Two-stage bidding process

(6)      A supply chain management policy may allow a two-stage bidding process for-

 

(a)      large complex projects;

 

(b)      projects where it may be undesirable to prepare complete detailed technical specifications; or

 

(c)      long term projects with a duration period exceeding three years.

 

(7)      In the first stage technical proposals on conceptual design or performance specifications should be invited, subject to technical as well as commercial clarifications and adjustments.

 

(8)      In the second stage final technical proposals and priced bids should be invited.’

 

[53]    The respondents stated that the applicant could not fault the second stage of the bidding process for an awardee of VAT recovery and review services. The respondents averred that there was nothing irregular about the appointment of the sixth respondent.
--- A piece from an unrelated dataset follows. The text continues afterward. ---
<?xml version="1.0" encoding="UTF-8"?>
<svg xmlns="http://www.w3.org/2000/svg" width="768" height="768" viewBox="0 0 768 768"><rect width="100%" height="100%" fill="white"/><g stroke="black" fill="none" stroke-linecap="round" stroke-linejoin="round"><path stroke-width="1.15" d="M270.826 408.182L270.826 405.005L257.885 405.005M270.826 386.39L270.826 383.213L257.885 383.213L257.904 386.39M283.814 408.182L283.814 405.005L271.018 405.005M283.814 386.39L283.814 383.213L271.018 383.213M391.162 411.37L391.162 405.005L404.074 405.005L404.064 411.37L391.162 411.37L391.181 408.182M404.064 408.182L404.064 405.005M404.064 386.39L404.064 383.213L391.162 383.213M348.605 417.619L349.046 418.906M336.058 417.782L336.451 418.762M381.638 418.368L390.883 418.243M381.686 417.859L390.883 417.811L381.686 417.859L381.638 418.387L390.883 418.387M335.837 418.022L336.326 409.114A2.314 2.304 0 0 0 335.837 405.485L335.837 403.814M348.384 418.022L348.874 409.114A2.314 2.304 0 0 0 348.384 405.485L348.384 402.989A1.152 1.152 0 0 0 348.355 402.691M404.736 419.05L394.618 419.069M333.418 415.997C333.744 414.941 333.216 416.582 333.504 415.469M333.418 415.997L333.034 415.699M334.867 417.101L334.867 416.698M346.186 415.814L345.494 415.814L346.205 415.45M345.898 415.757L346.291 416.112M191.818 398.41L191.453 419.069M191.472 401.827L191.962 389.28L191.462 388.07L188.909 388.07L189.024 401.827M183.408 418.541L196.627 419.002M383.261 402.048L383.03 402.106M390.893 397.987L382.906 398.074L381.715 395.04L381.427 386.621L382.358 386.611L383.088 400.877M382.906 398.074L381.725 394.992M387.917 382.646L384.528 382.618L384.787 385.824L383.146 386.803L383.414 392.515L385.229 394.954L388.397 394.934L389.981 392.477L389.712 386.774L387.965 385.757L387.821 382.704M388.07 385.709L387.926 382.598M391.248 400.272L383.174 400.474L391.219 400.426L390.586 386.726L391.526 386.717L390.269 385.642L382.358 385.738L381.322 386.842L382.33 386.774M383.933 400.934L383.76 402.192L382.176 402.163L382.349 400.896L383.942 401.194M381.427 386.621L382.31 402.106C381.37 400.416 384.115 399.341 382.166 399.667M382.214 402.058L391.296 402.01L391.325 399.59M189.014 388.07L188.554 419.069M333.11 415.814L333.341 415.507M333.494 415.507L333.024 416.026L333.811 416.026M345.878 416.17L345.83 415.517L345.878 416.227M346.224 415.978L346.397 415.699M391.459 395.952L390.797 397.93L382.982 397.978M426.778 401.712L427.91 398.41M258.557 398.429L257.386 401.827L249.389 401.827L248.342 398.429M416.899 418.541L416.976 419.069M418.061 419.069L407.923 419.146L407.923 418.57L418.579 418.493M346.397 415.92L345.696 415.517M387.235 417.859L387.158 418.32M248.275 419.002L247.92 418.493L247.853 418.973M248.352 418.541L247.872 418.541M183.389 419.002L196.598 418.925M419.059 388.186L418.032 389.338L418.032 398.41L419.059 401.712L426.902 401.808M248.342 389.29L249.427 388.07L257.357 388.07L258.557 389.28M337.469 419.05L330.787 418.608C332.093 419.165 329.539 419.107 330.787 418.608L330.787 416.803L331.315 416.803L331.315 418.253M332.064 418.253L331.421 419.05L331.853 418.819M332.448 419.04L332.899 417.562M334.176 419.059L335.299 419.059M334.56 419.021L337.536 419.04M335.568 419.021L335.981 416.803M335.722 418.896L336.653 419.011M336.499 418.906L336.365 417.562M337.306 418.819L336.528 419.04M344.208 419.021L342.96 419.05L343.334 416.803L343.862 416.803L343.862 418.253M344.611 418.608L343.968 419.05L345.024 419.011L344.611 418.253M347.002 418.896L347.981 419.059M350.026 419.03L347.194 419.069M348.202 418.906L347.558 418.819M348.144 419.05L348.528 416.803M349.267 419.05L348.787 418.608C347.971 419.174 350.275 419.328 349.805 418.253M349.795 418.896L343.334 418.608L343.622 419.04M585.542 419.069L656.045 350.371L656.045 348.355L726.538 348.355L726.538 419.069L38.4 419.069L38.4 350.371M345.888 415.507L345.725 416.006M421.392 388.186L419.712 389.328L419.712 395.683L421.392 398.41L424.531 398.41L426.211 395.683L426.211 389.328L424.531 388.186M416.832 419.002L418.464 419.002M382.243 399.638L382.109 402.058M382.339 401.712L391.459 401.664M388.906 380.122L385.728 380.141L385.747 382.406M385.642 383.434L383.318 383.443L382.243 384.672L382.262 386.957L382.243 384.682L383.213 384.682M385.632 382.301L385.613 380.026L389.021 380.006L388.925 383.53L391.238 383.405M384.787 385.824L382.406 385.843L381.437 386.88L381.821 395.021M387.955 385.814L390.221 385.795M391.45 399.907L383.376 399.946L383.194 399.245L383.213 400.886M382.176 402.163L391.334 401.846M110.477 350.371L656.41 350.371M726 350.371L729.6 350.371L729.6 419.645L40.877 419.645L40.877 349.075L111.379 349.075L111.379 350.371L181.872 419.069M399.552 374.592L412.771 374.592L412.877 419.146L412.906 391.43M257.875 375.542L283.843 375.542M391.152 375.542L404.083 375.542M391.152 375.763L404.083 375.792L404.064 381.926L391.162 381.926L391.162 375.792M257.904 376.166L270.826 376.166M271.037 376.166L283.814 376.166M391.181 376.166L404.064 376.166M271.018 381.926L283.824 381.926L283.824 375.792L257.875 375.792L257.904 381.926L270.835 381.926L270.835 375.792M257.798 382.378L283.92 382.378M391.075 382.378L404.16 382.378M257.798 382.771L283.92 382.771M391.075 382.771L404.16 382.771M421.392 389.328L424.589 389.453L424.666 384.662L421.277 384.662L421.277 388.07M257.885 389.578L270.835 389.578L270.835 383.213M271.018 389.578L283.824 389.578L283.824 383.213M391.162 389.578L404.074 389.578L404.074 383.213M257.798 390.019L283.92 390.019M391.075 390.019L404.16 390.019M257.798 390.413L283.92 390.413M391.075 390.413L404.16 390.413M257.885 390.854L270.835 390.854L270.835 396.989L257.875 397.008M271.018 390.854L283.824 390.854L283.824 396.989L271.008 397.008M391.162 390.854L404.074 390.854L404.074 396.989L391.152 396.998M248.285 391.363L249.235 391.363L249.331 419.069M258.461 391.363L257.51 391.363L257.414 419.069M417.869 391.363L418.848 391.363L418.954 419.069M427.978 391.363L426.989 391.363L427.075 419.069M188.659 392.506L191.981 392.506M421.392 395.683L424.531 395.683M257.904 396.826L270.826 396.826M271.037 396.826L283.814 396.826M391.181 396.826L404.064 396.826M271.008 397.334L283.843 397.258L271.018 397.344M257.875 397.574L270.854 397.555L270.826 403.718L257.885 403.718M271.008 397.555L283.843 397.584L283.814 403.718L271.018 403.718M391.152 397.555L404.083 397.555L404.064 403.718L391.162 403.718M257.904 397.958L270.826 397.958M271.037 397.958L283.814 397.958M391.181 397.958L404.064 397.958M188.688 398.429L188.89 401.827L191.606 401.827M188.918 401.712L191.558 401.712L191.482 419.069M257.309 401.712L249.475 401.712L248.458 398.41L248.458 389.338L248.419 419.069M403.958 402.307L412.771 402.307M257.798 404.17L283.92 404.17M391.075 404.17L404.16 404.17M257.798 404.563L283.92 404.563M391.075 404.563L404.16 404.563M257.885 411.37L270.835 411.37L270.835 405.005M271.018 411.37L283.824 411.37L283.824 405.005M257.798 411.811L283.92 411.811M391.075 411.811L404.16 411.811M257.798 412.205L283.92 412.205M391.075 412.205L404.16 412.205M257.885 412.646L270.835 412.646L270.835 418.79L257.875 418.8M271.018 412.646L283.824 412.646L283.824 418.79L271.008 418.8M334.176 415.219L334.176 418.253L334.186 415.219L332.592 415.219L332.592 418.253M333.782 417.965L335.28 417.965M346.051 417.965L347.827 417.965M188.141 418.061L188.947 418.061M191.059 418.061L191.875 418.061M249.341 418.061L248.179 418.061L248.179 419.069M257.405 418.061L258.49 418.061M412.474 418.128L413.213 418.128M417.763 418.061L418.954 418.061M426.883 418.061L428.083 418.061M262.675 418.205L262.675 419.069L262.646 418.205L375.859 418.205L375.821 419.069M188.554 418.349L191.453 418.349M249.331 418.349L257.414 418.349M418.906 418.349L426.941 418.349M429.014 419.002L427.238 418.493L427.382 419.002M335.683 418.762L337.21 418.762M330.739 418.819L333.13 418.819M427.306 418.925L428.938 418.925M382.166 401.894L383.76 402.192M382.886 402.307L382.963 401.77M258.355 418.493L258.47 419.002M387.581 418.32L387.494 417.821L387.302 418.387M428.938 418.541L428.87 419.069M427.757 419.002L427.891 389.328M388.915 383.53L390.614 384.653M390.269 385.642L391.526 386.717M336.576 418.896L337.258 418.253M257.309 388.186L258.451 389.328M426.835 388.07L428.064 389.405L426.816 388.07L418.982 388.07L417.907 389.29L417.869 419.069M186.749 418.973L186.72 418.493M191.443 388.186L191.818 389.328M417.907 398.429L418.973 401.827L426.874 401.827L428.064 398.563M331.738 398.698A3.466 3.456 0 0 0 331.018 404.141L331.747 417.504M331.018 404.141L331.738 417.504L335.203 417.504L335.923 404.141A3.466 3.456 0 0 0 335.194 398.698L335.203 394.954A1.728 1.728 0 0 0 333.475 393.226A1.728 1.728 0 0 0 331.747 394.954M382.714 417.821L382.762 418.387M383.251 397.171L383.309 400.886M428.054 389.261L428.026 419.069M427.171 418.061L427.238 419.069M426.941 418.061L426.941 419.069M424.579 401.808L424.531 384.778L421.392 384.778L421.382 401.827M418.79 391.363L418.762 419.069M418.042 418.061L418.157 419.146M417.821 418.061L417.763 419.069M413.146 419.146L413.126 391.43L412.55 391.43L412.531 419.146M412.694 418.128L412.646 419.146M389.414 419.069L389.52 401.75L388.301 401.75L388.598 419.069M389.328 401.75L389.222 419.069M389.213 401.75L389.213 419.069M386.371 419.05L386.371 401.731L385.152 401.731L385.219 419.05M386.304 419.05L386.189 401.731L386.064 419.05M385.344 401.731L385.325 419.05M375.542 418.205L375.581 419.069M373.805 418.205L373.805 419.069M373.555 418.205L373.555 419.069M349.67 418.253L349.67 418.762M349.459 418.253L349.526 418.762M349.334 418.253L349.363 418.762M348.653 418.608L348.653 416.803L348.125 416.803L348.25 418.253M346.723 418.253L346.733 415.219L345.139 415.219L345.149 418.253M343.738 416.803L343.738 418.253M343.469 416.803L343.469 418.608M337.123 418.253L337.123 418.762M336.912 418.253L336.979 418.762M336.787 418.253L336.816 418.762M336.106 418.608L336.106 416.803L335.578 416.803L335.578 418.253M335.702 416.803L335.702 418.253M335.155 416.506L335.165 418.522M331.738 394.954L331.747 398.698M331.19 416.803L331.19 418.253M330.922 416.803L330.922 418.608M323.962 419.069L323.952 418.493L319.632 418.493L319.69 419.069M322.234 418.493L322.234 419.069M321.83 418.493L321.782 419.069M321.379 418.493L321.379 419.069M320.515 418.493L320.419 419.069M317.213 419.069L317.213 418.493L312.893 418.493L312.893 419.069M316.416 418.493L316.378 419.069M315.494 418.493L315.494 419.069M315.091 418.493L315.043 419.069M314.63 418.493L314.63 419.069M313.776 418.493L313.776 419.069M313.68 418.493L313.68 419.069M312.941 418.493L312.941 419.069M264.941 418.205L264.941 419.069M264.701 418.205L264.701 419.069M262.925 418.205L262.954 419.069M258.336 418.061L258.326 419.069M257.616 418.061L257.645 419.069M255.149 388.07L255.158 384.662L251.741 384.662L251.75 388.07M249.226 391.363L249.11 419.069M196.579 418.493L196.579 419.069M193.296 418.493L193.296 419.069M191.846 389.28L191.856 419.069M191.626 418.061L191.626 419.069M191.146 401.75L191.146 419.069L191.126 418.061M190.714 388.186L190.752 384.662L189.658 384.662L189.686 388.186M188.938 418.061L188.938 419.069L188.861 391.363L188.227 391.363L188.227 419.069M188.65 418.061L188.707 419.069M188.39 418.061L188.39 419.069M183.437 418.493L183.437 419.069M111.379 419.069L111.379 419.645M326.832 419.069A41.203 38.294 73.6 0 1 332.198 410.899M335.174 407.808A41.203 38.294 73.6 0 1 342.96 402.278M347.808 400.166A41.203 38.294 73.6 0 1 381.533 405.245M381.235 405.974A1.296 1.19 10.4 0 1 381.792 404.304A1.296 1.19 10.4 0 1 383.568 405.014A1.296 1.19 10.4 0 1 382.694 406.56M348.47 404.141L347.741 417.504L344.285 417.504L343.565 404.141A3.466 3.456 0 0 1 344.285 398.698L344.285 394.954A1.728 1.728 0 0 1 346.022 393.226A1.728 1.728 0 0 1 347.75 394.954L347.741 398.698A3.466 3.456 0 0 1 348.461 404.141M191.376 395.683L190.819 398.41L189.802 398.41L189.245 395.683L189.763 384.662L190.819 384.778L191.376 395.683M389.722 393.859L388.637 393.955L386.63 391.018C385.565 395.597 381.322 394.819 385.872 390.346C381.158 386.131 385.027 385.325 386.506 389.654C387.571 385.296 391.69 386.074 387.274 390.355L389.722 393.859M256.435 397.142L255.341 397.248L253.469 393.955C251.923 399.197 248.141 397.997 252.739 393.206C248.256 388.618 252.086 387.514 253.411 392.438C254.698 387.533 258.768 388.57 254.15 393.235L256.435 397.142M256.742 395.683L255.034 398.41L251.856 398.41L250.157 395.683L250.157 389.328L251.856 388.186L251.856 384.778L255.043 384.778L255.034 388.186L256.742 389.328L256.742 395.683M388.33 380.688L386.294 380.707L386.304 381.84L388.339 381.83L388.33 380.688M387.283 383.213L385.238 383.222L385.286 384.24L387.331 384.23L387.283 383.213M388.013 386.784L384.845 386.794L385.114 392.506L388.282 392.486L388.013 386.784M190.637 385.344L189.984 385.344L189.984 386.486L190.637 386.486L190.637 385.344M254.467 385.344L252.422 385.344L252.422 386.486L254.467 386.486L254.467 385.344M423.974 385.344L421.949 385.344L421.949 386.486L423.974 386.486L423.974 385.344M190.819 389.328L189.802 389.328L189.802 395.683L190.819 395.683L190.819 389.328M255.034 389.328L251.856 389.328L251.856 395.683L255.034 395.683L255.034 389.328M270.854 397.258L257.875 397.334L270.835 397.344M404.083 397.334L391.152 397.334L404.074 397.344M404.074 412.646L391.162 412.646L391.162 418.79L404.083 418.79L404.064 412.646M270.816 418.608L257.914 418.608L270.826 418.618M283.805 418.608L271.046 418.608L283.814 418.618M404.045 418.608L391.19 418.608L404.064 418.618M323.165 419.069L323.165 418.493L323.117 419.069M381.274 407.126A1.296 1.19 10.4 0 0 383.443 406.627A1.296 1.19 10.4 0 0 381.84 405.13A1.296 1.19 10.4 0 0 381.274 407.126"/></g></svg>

In fact, three of the panellists were invited to quote, and this process was transparent. Tenders, they submitted are evaluated not only on price, but also on BBBEE[34] scores.

 

[54]    The applicant contended that the second stage of the process was ‘behind closed door’ which excluded the public and therefore lacked transparency.

 

[55]    The respondents argued that the purpose for requesting the prerequisite to the tender was ‘to ensure that qualified and reliable firms were placed on the panel to whom the specific services could be farmed out in the second competitive bidding process.’[35] Ms Nicholson argued that the first respondent was seeking a panel of professionals to ensure the highest standard of quality assurance. The request for a chartered accountant at the helm of the company was for purposes of an oversight role. She went on to state that the first respondent’s tender was neither irrational, nor constitutionally invalid. The purpose of the functionality criteria was to ensure the strictest standards of financial accountability for the first respondent.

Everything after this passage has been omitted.